Na_V1.1 channels determine entry into slow inactivation rates in menthol-sensitive Vglut3^lineage neurons. A, Representative whole-cell voltage-clamp traces of currents elicited from a MS neuron in the before (blue trace) and after application of 500 nm ICA 121431 (red trace). The subtracted Na_V1.1-mediated current is shown in black. B, Quantification of peak Na_V current amplitude before (blue circles) and after ICA 121431 application (black circles). Gray dashed lines indicated paired observations. C, Quantification of entry into slow inactivation for MS Vglut3^lineage DRG neurons during blockade of Na_V1.1 channels by ICA 121431 (filled circles, blue lines). Data for MS neurons from Figure 4A is shown for comparison (clear circles, dashed lines).

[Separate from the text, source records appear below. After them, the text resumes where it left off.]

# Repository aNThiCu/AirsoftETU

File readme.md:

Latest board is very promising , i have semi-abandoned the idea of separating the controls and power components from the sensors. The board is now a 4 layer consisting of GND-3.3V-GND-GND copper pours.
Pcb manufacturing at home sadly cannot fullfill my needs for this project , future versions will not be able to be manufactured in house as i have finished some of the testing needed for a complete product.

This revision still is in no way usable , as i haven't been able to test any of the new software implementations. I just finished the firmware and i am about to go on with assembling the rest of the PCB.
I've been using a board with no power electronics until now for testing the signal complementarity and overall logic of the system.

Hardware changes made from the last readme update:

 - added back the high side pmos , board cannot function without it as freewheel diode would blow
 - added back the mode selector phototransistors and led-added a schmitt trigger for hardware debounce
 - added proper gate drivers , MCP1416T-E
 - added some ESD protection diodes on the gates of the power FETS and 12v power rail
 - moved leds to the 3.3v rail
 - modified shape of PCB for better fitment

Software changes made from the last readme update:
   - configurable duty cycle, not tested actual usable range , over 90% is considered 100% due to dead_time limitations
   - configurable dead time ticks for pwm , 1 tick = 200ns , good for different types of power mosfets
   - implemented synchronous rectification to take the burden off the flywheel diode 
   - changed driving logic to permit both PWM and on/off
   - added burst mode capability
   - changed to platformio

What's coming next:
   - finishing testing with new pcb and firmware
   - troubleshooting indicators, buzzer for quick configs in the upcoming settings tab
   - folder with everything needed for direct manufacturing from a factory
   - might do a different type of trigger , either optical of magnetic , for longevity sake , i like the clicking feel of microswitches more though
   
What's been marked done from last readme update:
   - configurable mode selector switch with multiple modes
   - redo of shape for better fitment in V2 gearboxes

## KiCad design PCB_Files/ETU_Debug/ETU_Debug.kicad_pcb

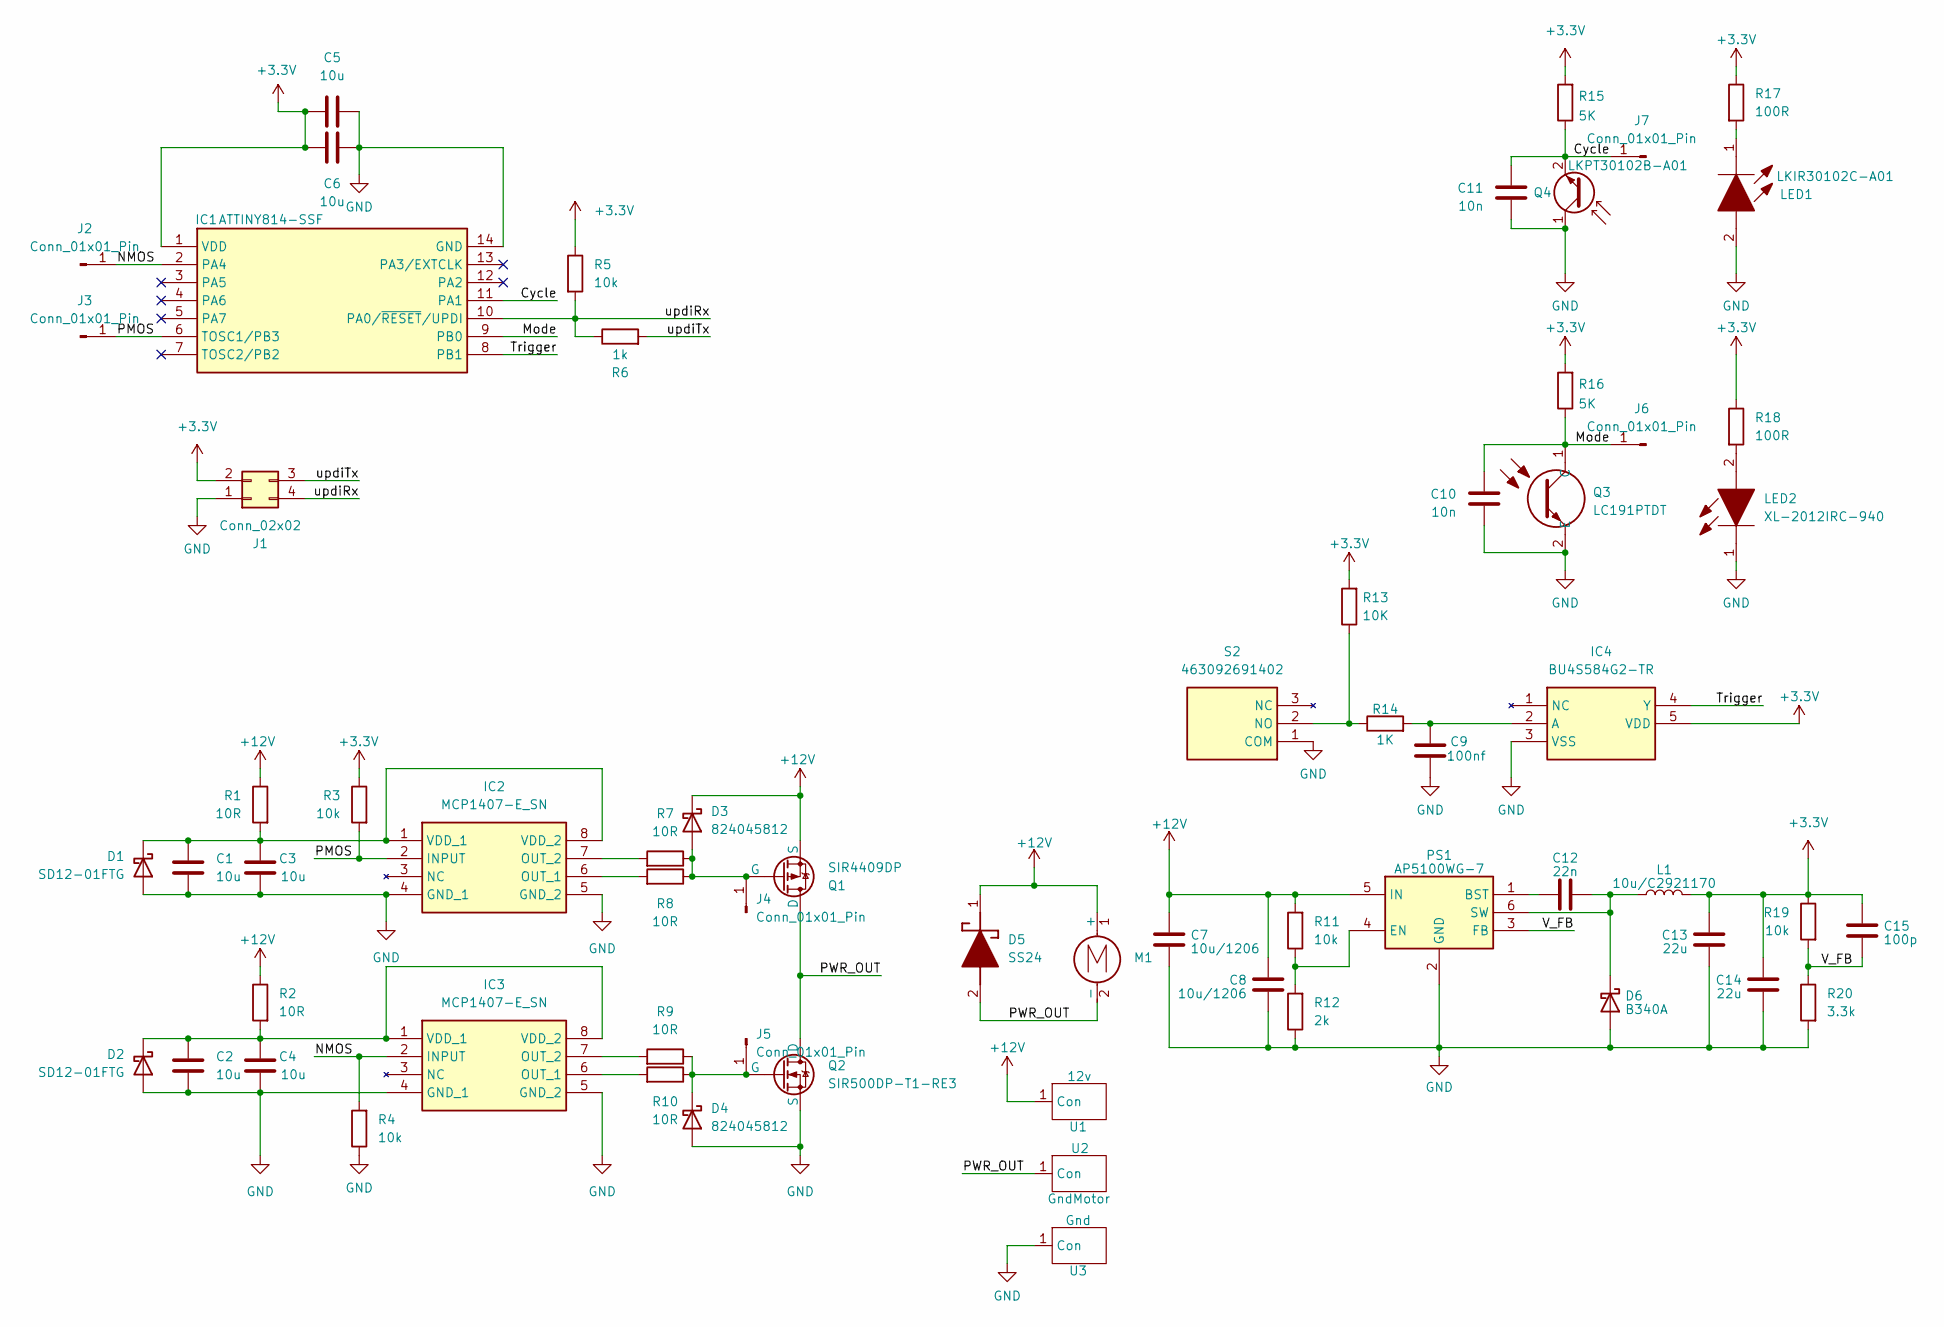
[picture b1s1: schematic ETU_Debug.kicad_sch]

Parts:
C1, C2, C3, C4, C5, C6: 10u; C_0603_1608Metric
C7, C8: 10u/1206; C_0603_1608Metric; MPN C13585
C9: 100nf; C_0603_1608Metric
C10, C11: 10n; C_0603_1608Metric
C12: 22n; C_0603_1608Metric; MPN C21122
C13, C14: 22u; C_0603_1608Metric; MPN C45783
C15: 100p; C_0603_1608Metric; MPN C1790
D1, D2: SD12-01FTG; SOD2613X114N
D3, D4: 824045812
D5: SS24; DIOM5436X247N; Mouser Part Number 821-SS24
D6: B340A; D_SMA; MPN C3018525
IC1: ATTINY814-SSF; SOIC127P600X175-14N; Mouser Part Number 579-ATTINY814-SSF
IC2, IC3: MCP1407-E_SN; SOIC127P600X175-8N; Mouser Part Number 579-MCP1407-E/SN
IC4: BU4S584G2-TR; SOT95P280X125-5N; Mouser Part Number 755-BU4S584G2-TR
J1: Conn_02x02; PinHeader_2x02_P2.54mm_Vertical
J2, J3, J4, J5, J6, J7: Conn_01x01_Pin; PinHeader_1x01_P2.54mm_Vertical
L1: 10u/C2921170; L_Chilisin_BMRA00040420; MPN C2921170
LED1: LKIR30102C-A01; APA3010P3C; Mouser Part Number 755-CSL1501RW1
LED2: XL-2012IRC-940; LEDC2012X105N; Mouser Part Number 604-APTD2012SF4C
M1: Motor_DC
PS1: AP5100WG-7; SOT95P285X140-6N; Mouser Part Number 621-AP5100WG-7
Q1: SIR4409DP; POWERPAKSO-8
Q2: SIR500DP-T1-RE3; POWERPAKSO-8
Q3: LC191PTDT; AP1608P1CP22; Mouser Part Number 604-AP1608P1C-P22
Q4: LKPT30102B-A01; APA3010P3C
R1, R2, R7, R8, R9, R10: 10R; R_0603_1608Metric
R3, R4, R5: 10k; R_0603_1608Metric
R6: 1k; R_0603_1608Metric
R11, R19: 10k; R_0603_1608Metric; MPN C25804
R12: 2k; R_0603_1608Metric; MPN C22975
R13: 10K; R_0603_1608Metric
R14: 1K; R_0603_1608Metric
R15, R16: 5K; R_0603_1608Metric
R17, R18: 100R; R_0603_1608Metric
R20: 3.3k; R_0603_1608Metric; MPN C22975
S2: 463092691402; Mouser Part Number 710-463092691402
U1: 12v; Copper_Pad
U2: GndMotor; Copper_Pad
U3: Gnd; Copper_Pad

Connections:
+3.3V: C5.1, C6.1, C13.1, C14.1, C15.1, IC1.1 (VDD), IC4.5 (VDD), J1.2, L1.2, R3.1, R5.1, R13.2, R15.2, R16.2, R17.1, R18.1, R19.1
+12V: C7.1, C8.1, D3.1 (K), D5.1 (K), M1.1 (+), PS1.5 (IN), Q1.1 (S), Q1.2 (S), Q1.3 (S), R1.1, R2.1, R11.2, U1.1 (Con)
/Cycle: C11.1, IC1.11 (PA1), J7.1, Q4.2 (E), R15.1
/Mode: C10.1, IC1.9 (PB0), J6.1, Q3.1 (C), R16.1
/NMOS: IC1.2 (PA4), IC3.2 (INPUT), J2.1, R4.2
/PMOS: IC1.6 (TOSC1/PB3), IC2.2 (INPUT), J3.1, R3.2
/PWR_OUT: D5.2 (A), M1.2 (-), Q1.5 (D), Q1.6 (D), Q1.7 (D), Q1.8 (D), Q1.9 (D), Q2.5 (D), Q2.6, Q2.7, Q2.8, Q2.9, U2.1 (Con)
/Trigger: IC1.8 (PB1), IC4.4 (Y)
/V_FB: C15.2, PS1.3 (FB), R19.2, R20.1
/updiRx: IC1.10 (PA0/~RESET/UPDI), J1.4, R5.2, R6.1
/updiTx: J1.3, R6.2
GND: C1.2, C2.2, C3.1, C4.1, C5.2, C6.2, C7.2, C8.2, C9.1, C10.2, C11.2, C13.2, C14.2, D1.2 (A), D2.2 (A), D4.2 (A), D6.2 (A), IC1.14 (GND), IC2.4 (GND_1), IC2.5 (GND_2), IC3.4 (GND_1), IC3.5 (GND_2), IC4.3 (VSS), J1.1, LED1.2, LED2.1, PS1.2 (GND), Q2.1 (S), Q2.2, Q2.3, Q3.2 (E), Q4.1 (C), R4.1, R12.1, R20.2, S2.1 (COM), U3.1 (Con)
unnamed: C1.1, C3.2, D1.1 (K), IC2.1 (VDD_1), IC2.8 (VDD_2), R1.2
unnamed: C2.1, C4.2, D2.1 (K), IC3.1 (VDD_1), IC3.8 (VDD_2), R2.2
unnamed: D3.2 (A), J4.1, Q1.4 (G), R7.1, R8.1
unnamed: D4.1 (K), J5.1, Q2.4 (G), R9.1, R10.1
unnamed: C12.2, D6.1 (K), L1.1, PS1.6 (SW)
unnamed: IC2.6 (OUT_1), R8.2
unnamed: IC2.7 (OUT_2), R7.2
unnamed: IC3.6 (OUT_1), R10.2
unnamed: IC3.7 (OUT_2), R9.2
unnamed: C9.2, IC4.2 (A), R14.2
unnamed: LED1.1, R17.2
unnamed: LED2.2, R18.2
unnamed: C12.1, PS1.1 (BST)
unnamed: PS1.4 (EN), R11.1, R12.2
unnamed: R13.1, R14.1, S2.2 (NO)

The current elicited following a conditioning pulse to 0 mV is normalized to the current elicited during an initial test step and plotted against the duration of the conditioning pulse. Lines show exponential fits to the data. Top right, Voltage protocol used to measure Na_V entry into slow inactivation. Bottom right, Representative whole-cell voltage-clamp traces. Blue trace represents initial test step; red trace represents test pulses given after a 200 ms conditioning step. D, Left, Same as C except Quantification represents recovery from slow inactivation kinetics. Data for MS neurons from Figure 4B is shown for comparison (clear circles, dashed lines). Recovery during the second test step is normalized to the current during the initial test step and plotted against the recovery interval. Lines show double-exponential fits to the data. MS neurons + ICA: τ₁ = 725.1 ms, τ₂ = 59.8 ms, n = 6. Top right, Voltage protocol used to measure Na_V recovery from slow inactivation. Bottom right, Representative whole-cell voltage-clamp trace of current elicited from a MS neuron in the presence of ICA 121431. Blue trace represents initial test step; red trace represents pulse given 50 ms after the conditioning step. E, Individual entry into slow inactivation rates for MS neurons plotted against the percentage of the total Na_V current that was sensitive to ICA 121431; r² = 0.43, p = 0.04. F, Same as E but individual recovery from slow inactivation rates are plotted; r² = 0.37, p = 0.20.

Figure 10.

Proposed model demonstrating heightened excitability of menthol-sensitive Vglut3^lineage DRG neurons. Activation of TRPM8 ion channels (red) causes an influx of cations that depolarizes the neuron. This leads to activation of TTX-sensitive Na_Vs, including Na_V1.1 channels (green), and subsequent action potential firing. Repetitive firing is achieved by NaV1.1 channels cycling through open and fast-inactivated states, without being sequestered into long-lived slow inactivated states. This may be facilitated by association with auxiliary proteins (purple). Na_V complexes in menthol-sensitive Vglut3^lineage DRG neurons could function to oppose a strong hyperpolarizing conductance mediated by K_V1 potassium channels (orange).